Tony Parsons (Mirror): “It felt massive. Princess Diana on her wedding day, England in a World cup semi-final…bigger…”

Patrick O’Flynn (Express): “In face he [Brown] came over as Gimli, the grumpy dwarf in the Lord of the Rings films…”

Quentin Letts (Mail): “…the whole thing was zestier than US presidential debates. Better TV”

Judi James (Star): “Cameron stood stony-faced and slightly scary, so presidential that he looked like he’d bene chipped from Mount Rushmore”

Times: “Mr Clegg played the outsider, opening with a reference to his fellow contenders as “these two”. He sought to portray problems over immigration and crime as being due to the failings of both Labour and Tory governments. “The more they attack each other, the more they sound the same,” he said.

The Weirdest And Best General Election Pictures

Edmund Conway (Telegraph): “The most surreal moment came about 20 minutes in, when each of the protagonists took turns to accuse the others of failing to come clean about their spending plans. For once, all of them were right.”

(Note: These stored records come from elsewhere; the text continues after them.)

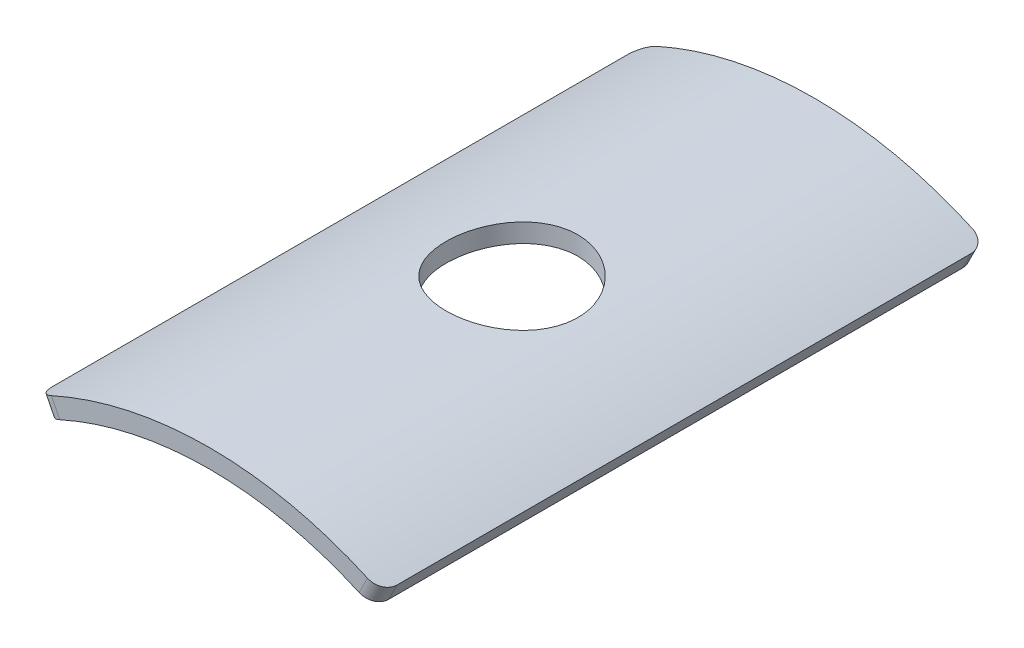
ISO-10303-21;
HEADER;
FILE_DESCRIPTION(('STEP AP214'),'2;1');
FILE_NAME('part.step','',(''),(''),'','','');
FILE_SCHEMA(('AUTOMOTIVE_DESIGN { 1 0 10303 214 1 1 1 1 }'));
ENDSEC;
DATA;
#1=APPLICATION_CONTEXT('core data for automotive mechanical design processes');
#2=APPLICATION_PROTOCOL_DEFINITION('international standard','automotive_design',2000,#1);
#3=PRODUCT_CONTEXT('',#1,'mechanical');
#4=PRODUCT('Part','Part','',(#3));
#5=PRODUCT_RELATED_PRODUCT_CATEGORY('part','',(#4));
#6=PRODUCT_DEFINITION_FORMATION('','',#4);
#7=PRODUCT_DEFINITION_CONTEXT('part definition',#1,'design');
#8=PRODUCT_DEFINITION('design','',#6,#7);
#9=PRODUCT_DEFINITION_SHAPE('','',#8);
#10=(LENGTH_UNIT() NAMED_UNIT(*) SI_UNIT(.MILLI.,.METRE.));
#11=(NAMED_UNIT(*) PLANE_ANGLE_UNIT() SI_UNIT($,.RADIAN.));
#12=(NAMED_UNIT(*) SI_UNIT($,.STERADIAN.) SOLID_ANGLE_UNIT());
#13=UNCERTAINTY_MEASURE_WITH_UNIT(LENGTH_MEASURE(1.E-05),#10,'distance_accuracy_value','');
#14=(GEOMETRIC_REPRESENTATION_CONTEXT(3) GLOBAL_UNCERTAINTY_ASSIGNED_CONTEXT((#13)) GLOBAL_UNIT_ASSIGNED_CONTEXT((#10,
#11,#12)) REPRESENTATION_CONTEXT('',''));
#15=CARTESIAN_POINT('',(0.,0.,0.));
#16=DIRECTION('',(0.,0.,1.));
#17=DIRECTION('',(1.,0.,0.));
#18=AXIS2_PLACEMENT_3D('',#15,#16,#17);
#19=CARTESIAN_POINT('',(0.,-21.0105,19.5));
#20=DIRECTION('',(0.,0.,-1.));
#21=DIRECTION('',(-1.,0.,0.));
#22=AXIS2_PLACEMENT_3D('',#19,#20,#21);
#23=CYLINDRICAL_SURFACE('',#22,23.5105);
#24=DIRECTION('',(0.,0.,-1.));
#25=VECTOR('',#24,1.);
#26=CARTESIAN_POINT('',(-10.55,0.,19.5));
#27=LINE('',#26,#25);
#28=CARTESIAN_POINT('',(-10.55,0.,18.5));
#29=VERTEX_POINT('',#28);
#30=CARTESIAN_POINT('',(-10.55,0.,-18.5));
#31=VERTEX_POINT('',#30);
#32=EDGE_CURVE('E106',#29,#31,#27,.T.);
#33=ORIENTED_EDGE('',*,*,#32,.T.);
#34=CARTESIAN_POINT('',(-10.55,0.,-18.5));
#35=CARTESIAN_POINT('',(-10.5499997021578,-1.76009192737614E-07,-18.5281342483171));
#36=CARTESIAN_POINT('',(-10.5489382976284,0.000533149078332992,-18.5562550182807));
#37=CARTESIAN_POINT('',(-10.5447030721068,0.00265910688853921,-18.6122953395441));
#38=CARTESIAN_POINT('',(-10.5415293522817,0.00425168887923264,-18.6402149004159));
#39=CARTESIAN_POINT('',(-10.5288681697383,0.0105998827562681,-18.7233231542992));
#40=CARTESIAN_POINT('',(-10.516240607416,0.0169259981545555,-18.7779551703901));
#41=CARTESIAN_POINT('',(-10.4829400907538,0.0335471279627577,-18.8840711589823));
#42=CARTESIAN_POINT('',(-10.4622632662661,0.0438440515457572,-18.9355536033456));
#43=CARTESIAN_POINT('',(-10.4134190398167,0.0680448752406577,-19.0339081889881));
#44=CARTESIAN_POINT('',(-10.3852529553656,0.0819481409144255,-19.0807811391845));
#45=CARTESIAN_POINT('',(-10.3221899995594,0.112881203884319,-19.1685824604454));
#46=CARTESIAN_POINT('',(-10.28729370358,0.129910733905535,-19.2095113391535));
#47=CARTESIAN_POINT('',(-10.2117060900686,0.166525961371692,-19.284277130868));
#48=CARTESIAN_POINT('',(-10.1710136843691,0.186112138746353,-19.3181127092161));
#49=CARTESIAN_POINT('',(-10.0849648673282,0.227187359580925,-19.3777164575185));
#50=CARTESIAN_POINT('',(-10.0396090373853,0.248676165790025,-19.4034856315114));
#51=CARTESIAN_POINT('',(-9.94548813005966,0.292869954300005,-19.4462243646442));
#52=CARTESIAN_POINT('',(-9.89672502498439,0.315574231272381,-19.4631989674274));
#53=CARTESIAN_POINT('',(-9.81419008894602,0.35364259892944,-19.4836714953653));
#54=CARTESIAN_POINT('',(-9.78098069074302,0.368867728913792,-19.4897915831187));
#55=CARTESIAN_POINT('',(-9.71412690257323,0.39932741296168,-19.4979553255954));
#56=CARTESIAN_POINT('',(-9.6804832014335,0.414561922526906,-19.5000047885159));
#57=CARTESIAN_POINT('',(-9.64678784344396,0.429721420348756,-19.5));
#58=B_SPLINE_CURVE_WITH_KNOTS('',3,(#34,#35,#36,#37,#38,#39,#40,#41,#42,#43,#44,#45,#46,#47,#48,
#49,#50,#51,#52,#53,#54,#55,#56,#57),.UNSPECIFIED.,.F.,.F.,(4,2,2,2,2,2,2,2,2,2,2,4),(0.,
0.0843509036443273,0.168697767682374,0.337113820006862,0.505610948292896,0.67407845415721,
0.84253156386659,1.01101634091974,1.17948013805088,1.34784721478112,1.45876210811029,
1.56951862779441),.UNSPECIFIED.);
#59=CARTESIAN_POINT('',(-9.64678784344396,0.429721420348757,-19.5));
#60=VERTEX_POINT('',#59);
#61=EDGE_CURVE('E101',#31,#60,#58,.T.);
#62=ORIENTED_EDGE('',*,*,#61,.T.);
#63=CARTESIAN_POINT('',(0.,-21.0105,-19.5));
#64=DIRECTION('',(0.,0.,-1.));
#65=DIRECTION('',(-1.,0.,0.));
#66=AXIS2_PLACEMENT_3D('',#63,#64,#65);
#67=CIRCLE('',#66,23.5105);
#68=CARTESIAN_POINT('',(9.64678784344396,0.42972142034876,-19.5));
#69=VERTEX_POINT('',#68);
#70=EDGE_CURVE('E104',#60,#69,#67,.T.);
#71=ORIENTED_EDGE('',*,*,#70,.T.);
#72=CARTESIAN_POINT('',(9.64678784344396,0.429721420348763,-19.5));
#73=CARTESIAN_POINT('',(9.67244299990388,0.41817847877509,-19.4999998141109));
#74=CARTESIAN_POINT('',(9.69806496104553,0.406594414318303,-19.4988142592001));
#75=CARTESIAN_POINT('',(9.74908504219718,0.383418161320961,-19.4940835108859));
#76=CARTESIAN_POINT('',(9.77448317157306,0.371825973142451,-19.490538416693));
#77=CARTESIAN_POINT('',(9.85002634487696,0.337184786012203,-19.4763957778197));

Marina Hyde (pub): “It was, however, an indisputable fact that, 10 minutes in, the screens showing the hockey were getting more viewers. Twenty minutes in and the migration upstairs to watch the football/darts/paint dry was almost complete. Thirty minutes in seemed as good a time as any to inquire of one man who was winning. “Phil Taylor’s losing,” he growled. “I’m watching the darts. I don’t follow politics because they’re all the same, and nothing changes. I follow darts.”

Autonomous Mind: “This election is the most sanitised and ideology-free in our history, which is why we can expect collective yawning and mass TV channel changing tonight as Gordon Brown, David Cameron and Nick Clegg ‘debate’ in a format that is more regimented than the North Korean armed forces”

Gerald Warner (Telegraph): “It was a re-run of Britain’s Got Talent, on the same television channel – with Nick Clegg in the role of Susan Boyle. At any moment one expected the cameras to pan in on Simon Cowell, Amanda Holden and Piers Morgan looking gobsmacked. “I dreamed a dream in time gone by…” (About Gladstone boring for Britain, Asquith cutting the House of Lords down to size and Lloyd George preying on our wallets and typists.)

Gideoen Rachman (FT): “Clegg’s main tactic was obvious but effective. He portrayed the two other leaders as representatives of an exhausted system, and went some way to capturing the crucial banner as the “change” candidate. He was also effective in giving the impression that he alone was being honest about the fiscal dilemmas that Britain is going to face. His attack on David Cameron for suggesting that fiscal problems can be solved by cutting “waste” was skilful. Of course, there were also contradictions in Clegg’s presentation. On the one hand, he argued that “cutting waste” is largely an irrelevance  – and then he reeled off a list of wasteful projects that needed to be cut. But apparently it didn’t matter.”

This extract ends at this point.